With Hawaiʻi importing an estimated 80–90% of its food, its leaders need to recognize the risk to Hawaiʻi’s residents when it comes to food supply chain disruptions. “Unlike the other 49 states, Hawaiʻi’s geographic isolation creates so much food security risk for Hawaiʻi’s residents that Hawaiʻi state government support of local food production should not be viewed as subsidizing an industry, but as supporting a public safety tool such as a police department or fire department,” Cooke explained.
The Japanese government has long recognized the security risk that is present because Japan is not food self-sufficient. “Japan has reduced support for agriculture in recent decades, but even so, 41% of farmers’ revenue still comes from government subsidies, more than double the average of the Organization for Economic Co-operation and Development (OECD) group of wealthy nations,” according to an article by Daniel Leussink, titled “Insight: On Japan’s farms, a weakening yen adds to slow-burning discontent.” Meanwhile, according to Global Trade Magazine, the U.S. subsidizes its agriculture industry by only 12%.

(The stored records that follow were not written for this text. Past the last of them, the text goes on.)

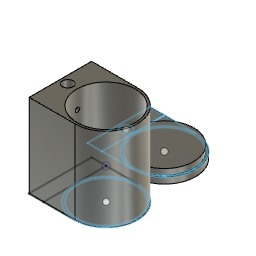
Motor Holder small v1 v1 (Autodesk Fusion 360 design; units mm, degrees)
Autodesk Fusion 360 part; units mm, degrees
sketch "Sketch2" plane through (0, 0, 0) normal (0, 0, 1) x (1, 0, 0)
  line L0 (0, 0) -> (0, -30)
  circle A0 centre (15, -15) radius 15
  line L1 (0, -30) -> (15, -30)
  line L2 (0, 0) -> (15, 0)
  line L3 (0, -30) -> (-7, -30)
  line L4 (-7, -30) -> (-7, 0)
  line L5 (-7, 0) -> (0, 0)
  circle A1 centre (15, -15) radius 0.5
  dimension "d1" = 30
  dimension "d2" = 30
  dimension "d3" = 7
  dimension "d4" = 1
  constraint coincident L0.start L2.start
  constraint vertical L0
  constraint coincident A0 L1.end
  constraint tangent A0 L1
  constraint perpendicular L0 L1
  constraint coincident A0 L2.end
  constraint tangent A0 L2
  constraint perpendicular L0 L2
  constraint perpendicular L0 L3
  constraint perpendicular L3 L4
  constraint perpendicular L4 L5
  constraint concentric A0 A1
  measures "d1" distance of L0.start L0.end
  measures "d2" diameter of A0
  measures "d3" distance of L0.end L3.end
  measures "d4" diameter of A1
extrude "Extrude1" add sketch "Sketch2" along normal blind 40 makes body 1
sketch "Sketch3" plane through (0, 0, 0) normal (0, 0, 1) x (1, 0, 0)
  circle A0 centre (15, -15) radius 14
  dimension "d7" = 28
  measures "d7" diameter of A0
hole "Hole1" at (15, -15, 40) direction (0, 0, -1) diameter 28 depth 38 tip angle 180 bodies 1
form "Form1" [no effect]
fillet "Fillet1" radius 0.5 1 edges at (1.9474, -9.9374, 2) on bodies 1
hole "Hole2" at (-7, -14.7821, 31.1998) direction (1, 0, 0) diameter 2 depth 9 tip angle 180 bodies 1
hole "Hole3" at (-3.3751, -15.0621, 40) direction (0, 0, -1) diameter 5 depth 5 tip angle 180 bodies 1
sketch "Sketch4" plane through (0, 0, 0) normal (0, 0, 1) x (1, 0, 0)
  line L0 (-7, 5) -> (-7, 35)
  circle A0 centre (8, 20) radius 15
  line L1 (-7, 35) -> (8, 35)
  line L2 (-7, 5) -> (8, 5)
  line L3 (-7, 5) -> (-14, 5)
  line L4 (-14, 5) -> (-14, 35)
  line L5 (-14, 35) -> (-7, 35)
  circle A1 centre (8, 20) radius 14.05
  circle A2 centre (-10.3753, 19.9378) radius 2.55
  dimension "d19" = 30
  dimension "d20" = 30
  dimension "d21" = 7
  dimension "d22" = 28.1
  dimension "d30" = 5.1
  constraint vertical L0
  constraint coincident A0 L1.end
  constraint tangent A0 L1
  constraint coincident A0 L2.end
  constraint tangent A0 L2
  constraint perpendicular L0 L3
  constraint perpendicular L3 L4
  constraint concentric A0 A1
  measures "d19" distance of L0.start L0.end
  measures "d20" diameter of A0
  measures "d21" distance of L0.start L3.end
  measures "d22" diameter of A1
  measures "d30" diameter of A2
sketch "Sketch6" plane through (0, 0, 0) normal (0, 0, 1) x (1, 0, 0)
extrude "Extrude5" add sketch "Sketch4" against normal blind 3 separate body contours L0 L3 L4 L5 | L0 A0 L2 | L0 A0 L1 | A0 | A1 | A2 makes body 2
extrude "Extrude6" add sketch "Sketch4" along normal blind 5 contours A2 bodies 2
extrude "Extrude7" add sketch "Sketch4" along normal blind 2.8 contours A1 bodies 2
extrude "Extrude2" [rolled back] along distance 3 taper angle 0
extrude "Extrude3" [rolled back] along distance -2.8 taper angle 0
sketch "Sketch5" plane through (0, 0, 0) normal (0, 0, 1) x (1, 0, 0)
  circle A0 centre (-10.5005, 19.9379) radius 2.5
  dimension "d27" = 5
  measures "d27" diameter of A0
extrude "Extrude4" [rolled back] along distance -5 taper angle 0
sketch "Sketch1" plane through (0, 0, 0) normal (0, 0, 1) x (1, 0, 0)
  line L0 (0, 0) -> (0, -50)
  constraint coincident L0.start origin
  constraint vertical L0
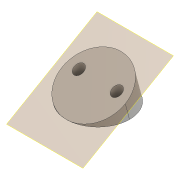
# Autodesk Inventor part: holder_d435_30deg
Saved by Autodesk Inventor 2018 (Build 220112000, 112)
## iProperties
Created: 2018-03-14
Part Number: holder_d435_30deg
Material: Generic
Document SubType Name: Modeling
Designer: Bardo91
Density: 1 g/cm^3
Appearance: Default
Author: Bardo91
Autodesk Inventor part; units mm, degrees
ref_plane "YZ Plane" through (0, 0, 0) normal (1, 0, 0) x (0, 1, 0)
ref_plane "XZ Plane" through (0, 0, 0) normal (0, 1, 0) x (-1, 0, 0)
sketch "Sketch1" plane through (0, 0, 0) normal (0, 0, 1) x (1, 0, 0)
  line L0 (0, 0) -> (0, 10)
  circle A0 centre (0, 10) radius 10
  dimension "d0" = 10
  dimension "d1" = 20
  constraints: 2 end point, 1 centre point, 1 coincident, 1 vertical
  measures "d0" distance of L0.start L0.end
  measures "d1" diameter of A0
ref_plane "Work Plane1" through (0, 0, 0) normal (0, -0.5, 0.866) x (1, 0, 0)
sketch "Sketch2" plane through (0, 0, 0) normal (0, -0.5, 0.866) x (1, 0, 0)
  line L0 (0, 0) -> (0, 10)
  circle A0 centre (0, 10) radius 10
  dimension "d3" = 10
  dimension "d4" = 20
  constraints: 2 end point, 1 centre point, 1 coincident, 1 vertical
  measures "d3" distance of L0.start L0.end
  measures "d4" diameter of A0
loft "Loft1" add profiles "Sketch1", "Sketch2"
sketch "Sketch3" plane through (0, 10, 0) normal (0, 0, -1) x (-1, 0, 0)
  line L0 (0, 0) -> (-6, 0)
  line L1 (0, 0) -> (6, 0)
  circle A0 centre (-6, 0) radius 1.5
  circle A1 centre (6, 0) radius 1.5
  point P0 (0, -10)
  dimension "d9" = 6
  dimension "d10" = 6
  dimension "d11" = 3
  dimension "d12" = 3
  constraints: 4 end point, 2 centre point, 2 coincident, 2 horizontal
  measures "d9" distance of L0.start L0.end
  measures "d10" distance of L0.start L1.end
  measures "d11" diameter of A0
  measures "d12" diameter of A1
extrude "Extrusion1" cut sketch "Sketch3" against normal through all
body "Solid1"

While there are of course more shared connections and challenges relating to sustainable agriculture between Japan and Hawaiʻi, the few discussed here illustrate the value of innovative collaboration. For instance, tech and machinery developed for massive mainland farms is often not the right size for Hawaiʻi farms. During the 2023 Hawaii legislative session, a proposed bill would allow farmers to utilize farming equipment from Japan, with specific emphasis on small tractors.
With the bonds strengthened and fruitful discussions at the “Ties that Bind” summit, the shared challenges in the area of sustainable agriculture will provide a positive path forward towards innovative collaboration for present and future generations.